Ankara has refused to rearm beleaguered Kurdish fighters, who complain they are at huge disadvantage in the face of ISIS’s weaponry, much of it seized from the Iraqi military when the militants took the city of Mosul in June.
Suspicions
Turkey views the YPG with suspicion for its long-standing links with the Kurdistan Workers Party (PKK), which has waged a 30-year armed campaign for self-rule in Turkey.
President Recep Tayyip Erdogan was quoted in the Turkish media on Sunday as saying Ankara will never arm the YPG through its political wing, the PYD.
“There has been talk of arming the PYD to establish a front here against ISIS. For us, the PYD is the same as the PKK, it’s a terrorist organisation,” he was quoted as saying.
This stance has sparked outrage among Turkey’s own Kurds, who make up about 20 percent of the population.
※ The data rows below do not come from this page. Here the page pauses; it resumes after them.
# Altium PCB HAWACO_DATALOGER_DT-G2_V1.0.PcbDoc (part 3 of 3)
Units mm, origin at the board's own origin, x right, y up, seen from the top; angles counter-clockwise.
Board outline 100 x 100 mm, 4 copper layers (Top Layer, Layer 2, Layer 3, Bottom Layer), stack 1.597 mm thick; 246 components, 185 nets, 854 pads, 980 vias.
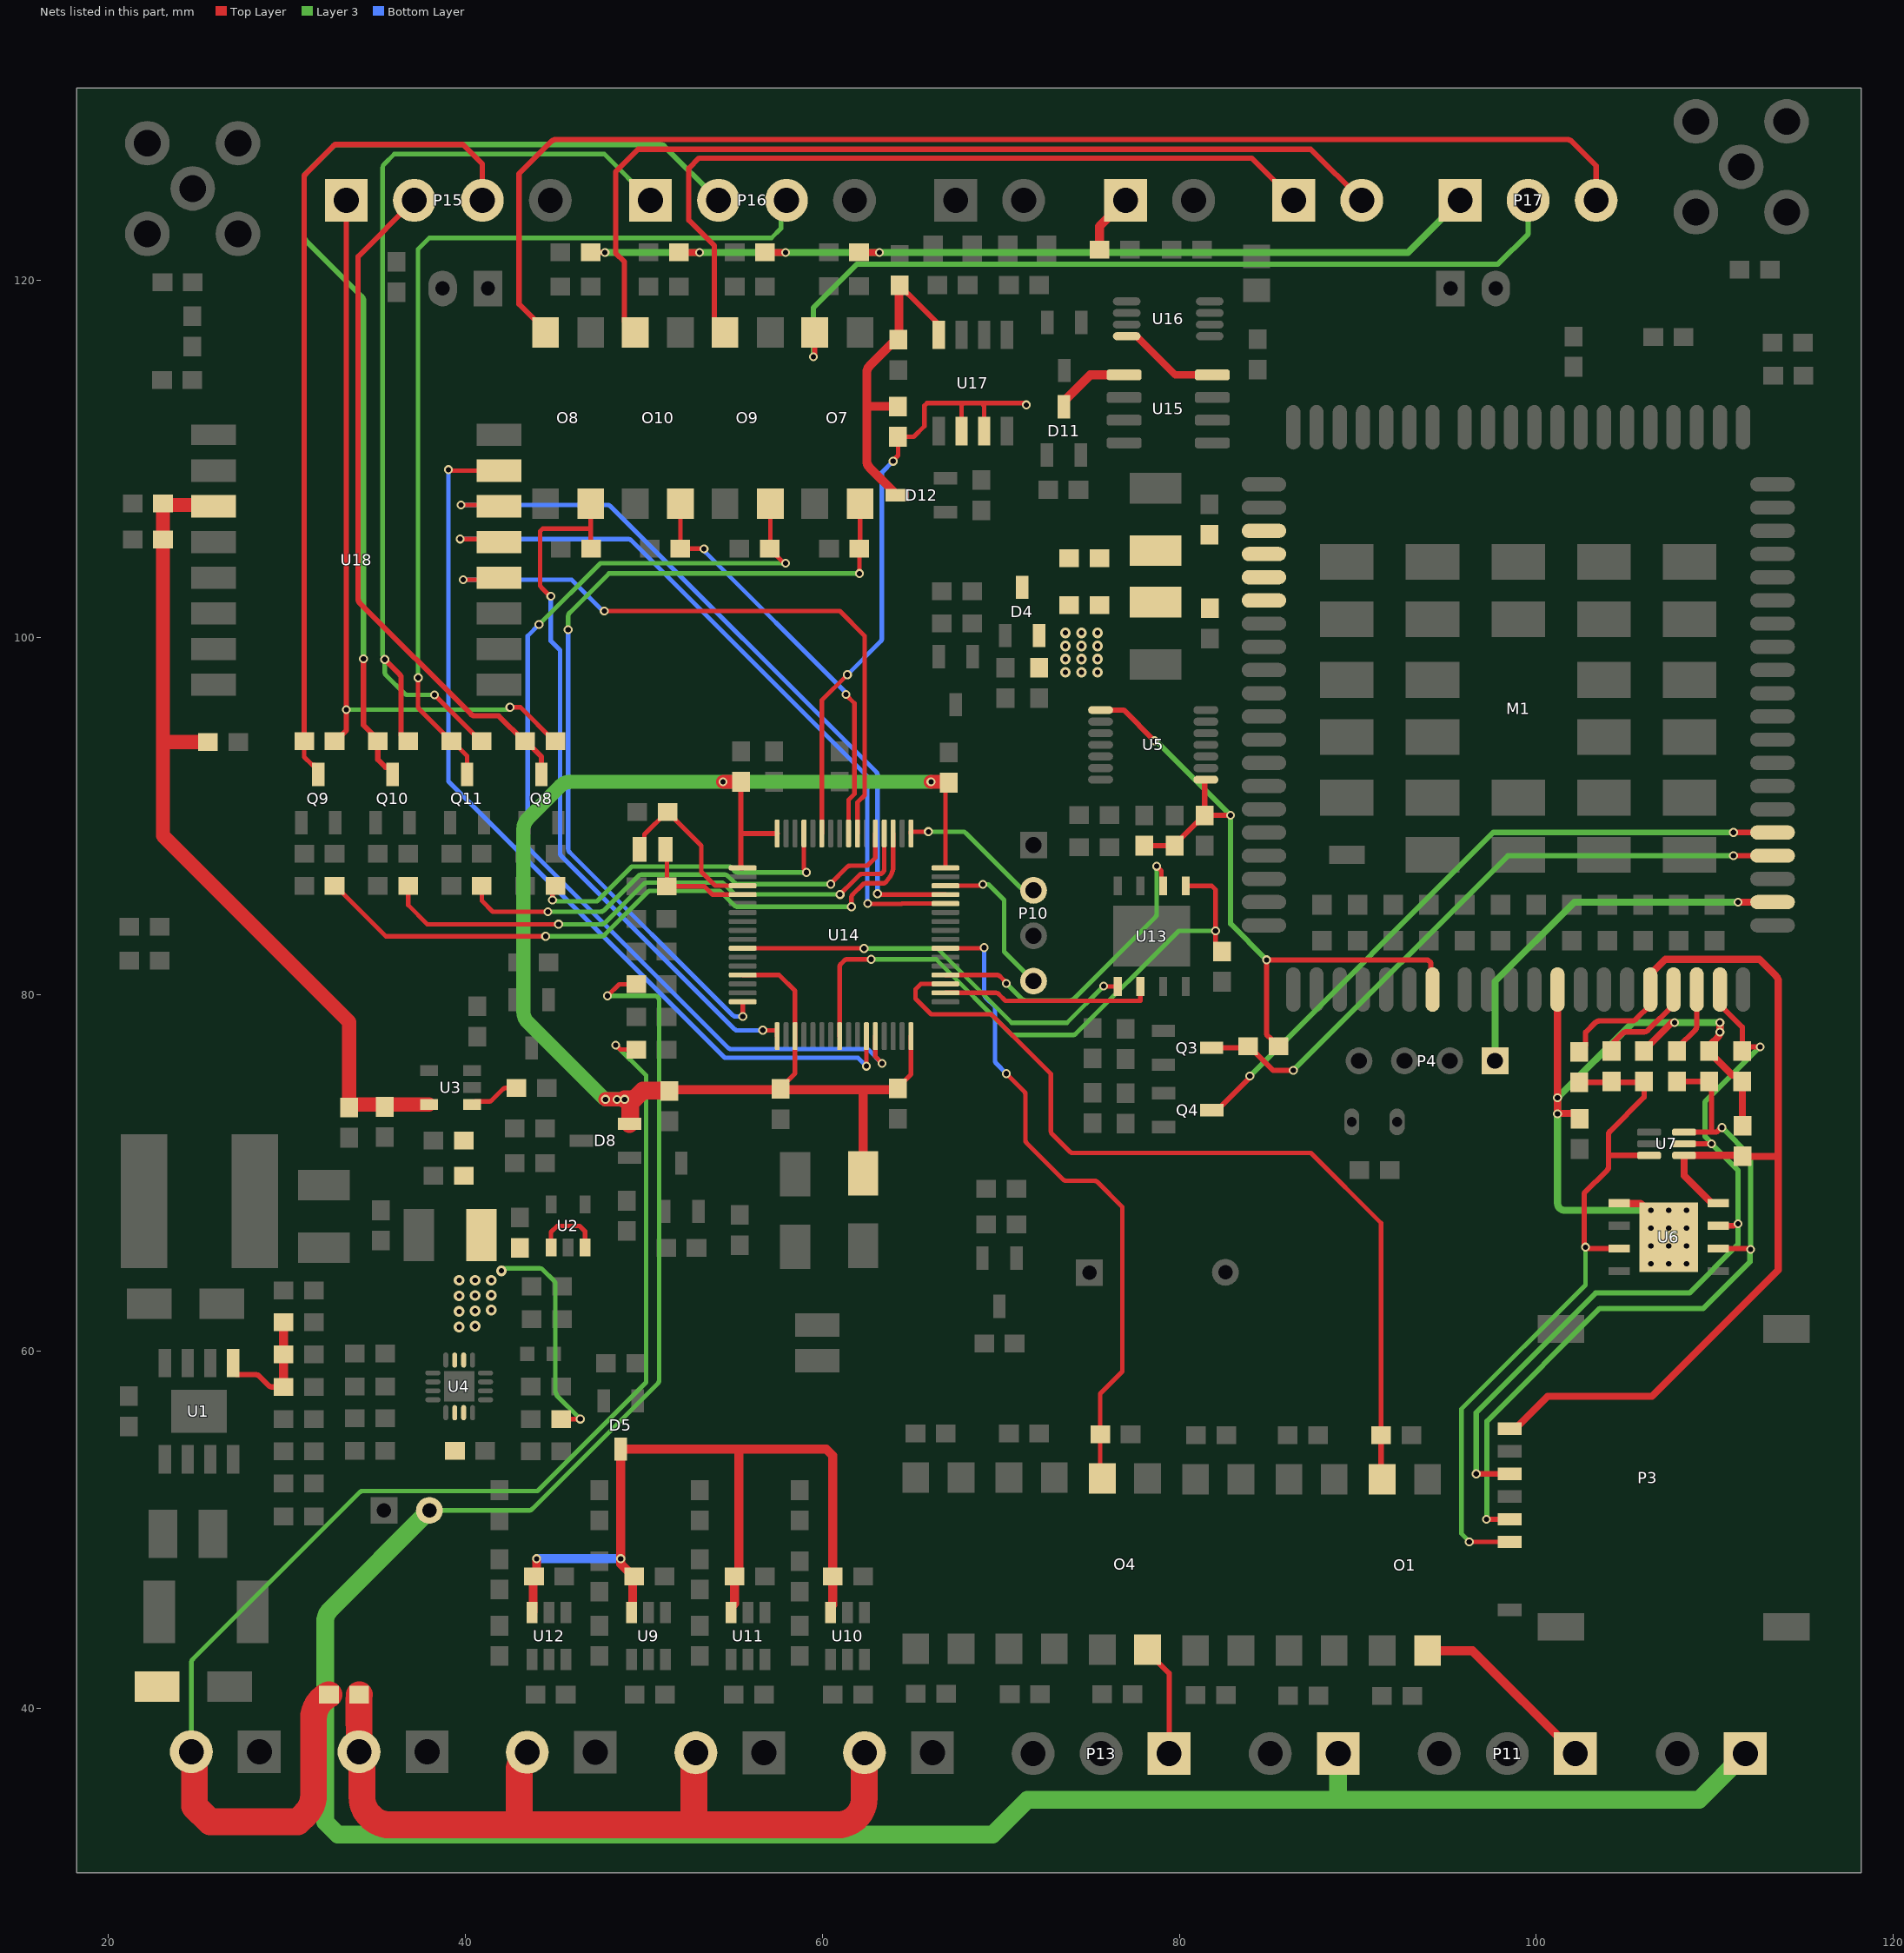
[diagram p5: the nets of this part, all layers, seen from the top]

## Via types
v1: diameter 0.6, hole 0.3, Top Layer to Bottom Layer, tented both sides, 674 vias
v2: diameter 0.5, hole 0.3, Top Layer to Bottom Layer, tented both sides, 306 vias

## Nets (pads, with @x,y where several pads share a name; then routed paths per layer and width w, separated by ;. In a path a pad name is that pad's centre, name@x,y a point inside that pad or via, vN(x,y) a via of type N, cw(c..) or ccw(c..) an arc to the next point about the centre after c; other vN are vias at no path point) (continued)
OPTO1: O7.2 P17.2 | length 47.8
  Top Layer w0.3: v2(59.489,115.722) 59.568,115.801 O7.2@59.568,117.09
  Layer 3 w0.3: v2(59.489,115.722) 59.489,118.456 61.941,120.907 97.845,120.907 99.543,122.605 P17.2@99.543,124.485
OPTO2: O8.2 P17.3 | length 73.2
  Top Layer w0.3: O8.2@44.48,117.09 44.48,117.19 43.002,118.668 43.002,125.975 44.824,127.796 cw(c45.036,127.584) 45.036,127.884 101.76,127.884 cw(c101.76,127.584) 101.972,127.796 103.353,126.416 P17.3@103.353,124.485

Riots in several cities earlier this month killed left than 35 people dead.
Appreciation
In a call with Erdogan on Saturday night, Obama expressed appreciation for Turkey hosting over a million refugees, including thousands from Kobane.
“The two leaders pledged to continue to work closely together to strengthen cooperation against ISIL (ISIS),” the White House said.
Obama’s approach to ISIS has drawn fire from his political opponents at home.
“We have dropped a bomb here and a missile there, but it has been a photo-op foreign policy,” U.S. Senator Ted Cruz of Texas, a Republican and a potential presidential candidate in 2016, said on CNN’s “State of the Union” show.
He criticized Obama for delays in aiding Kurdish fighters in desperate need of weapons and assistance.